I have mismatched cranks on one bike. Not only are they from different Campagnolo groupsets, they are from different eras so they look _VERY_ different, _AND_ the left crank is 170 mm vs the 175 mm of the right!

It came about because I broke a left crank and had an old chainset in my spares box. My left leg is shorter than my right so I thought the 5 mm difference might help. I think it _did_, though I haven't applied the same principle to my other bikes.


----------



## si_c (19 Dec 2020)

itboffin said:


> how often are you looking at the side view of your cranks whilst riding the bike 🤣


Doesn't matter, I'd know it was wrong and it would eat away at me.


----------



## itboffin (19 Dec 2020)

si_c said:


> Doesn't matter, I'd know it was wrong and it would eat away at me.

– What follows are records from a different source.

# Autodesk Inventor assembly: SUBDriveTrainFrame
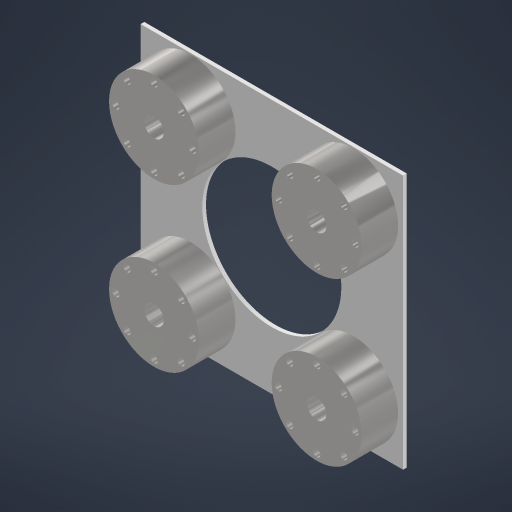
[picture p0: Inventor's stored thumbnail of the model, 512x512]
Saved by Autodesk Inventor 2024 (Build 280153000, 153)
## iProperties
Created: 2025-02-08
Part Number: SUBDriveTrainFrame
Document SubType Name: Assembly
Designer: Tommy Rohmann
Author: Tommy Rohmann
## Documents named in this file (4)
- C:\Users\Tommy Rohmann\OneDrive\Projects\Microgravity-Press-Washing-Machine\System Design and Documentation\Inventor Design Project\SUBDriveTrainFrame.iam
- C:\Users\Tommy Rohmann\OneDrive\Projects\Microgravity-Press-Washing-Machine\System Design and Documentation\Inventor Design Project\LAYOUT.ipt
- C:\Users\Tommy Rohmann\OneDrive\Projects\Microgravity-Press-Washing-Machine\System Design and Documentation\Inventor Design Project\LoadCellMountFrame.ipt
- C:\Users\Tommy Rohmann\OneDrive\Projects\Microgravity-Press-Washing-Machine\System Design and Documentation\Inventor Design Project\LoadCell.ipt
## Components (6 placed, 3 different names)
1. LAYOUT:1
2. LoadCellMountFrame:1 — Mate:1, Mate:2, Mate:3, Mate:4, Mate:5, Mate:6, Mate:7, Mate:8
3. LoadCell:1 — Mate:1, Mate:8
4. LoadCell:2 — Mate:2, Mate:7
5. LoadCell:3 — Mate:4, Mate:5
6. LoadCell:4 — Mate:3, Mate:6
## Relationships (9: Mate 8, Composite 1)
- [Composite]: LAYOUT:1 ↔ LoadCellMountFrame:1
- Mate:1: LoadCellMountFrame:1 ↔ LoadCell:1
- Mate:2: LoadCellMountFrame:1 ↔ LoadCell:2
- Mate:3: LoadCellMountFrame:1 ↔ LoadCell:4
- Mate:4: LoadCellMountFrame:1 ↔ LoadCell:3
- Mate:5: LoadCellMountFrame:1 ↔ LoadCell:3
- Mate:6: LoadCellMountFrame:1 ↔ LoadCell:4
- Mate:7: LoadCellMountFrame:1 ↔ LoadCell:2
- Mate:8: LoadCellMountFrame:1 ↔ LoadCell:1

You would not like my Shimagnolo setup on one of my bikes then


----------



## DCLane (19 Dec 2020)

itboffin said:


> I've a 105 going spare, really doesnt make much difference 105, ultegra or dura ace. In fact i have a 105 5700 left 4iiii power meter crank paired with my R8000 right and groupset



Thanks for the offer but I'd like to match it. For now there's an old Ultegra 6600 on there which will do until I sort a matching replacement.


----------



## Gunk (19 Dec 2020)

itboffin said:


> You would not like my Shimagnolo setup on one of my bikes then



My turbo bike has Chorus, Ultegra and Sora, works surprisingly well together.


----------



## monkers (19 Dec 2020)

It's not exactly cheap but available ...

https://www.ebay.co.uk/itm/Shimano-...045317?hash=item28a3dfce05:g:-UkAAOSwY1FfzNkY


----------



## DCLane (19 Dec 2020)

monkers said:


> It's not exactly cheap but available ...
> 
> https://www.ebay.co.uk/itm/Shimano-...045317?hash=item28a3dfce05:g:-UkAAOSwY1FfzNkY



Thanks. I've an offer in on one but that one's an option.


----------



## DCLane (20 Dec 2020)

Sorted - offer accepted on eBay so one's on the way.


----------



## 13 rider (20 Dec 2020)

Just seen this thread ,If the eBay one lets you down I have a r8000 crank available


----------



## fossyant (20 Dec 2020)

itboffin said:


> how often are you looking at the side view of your cranks whilst riding the bike 🤣



Nope, just no, no no. OCD..


----------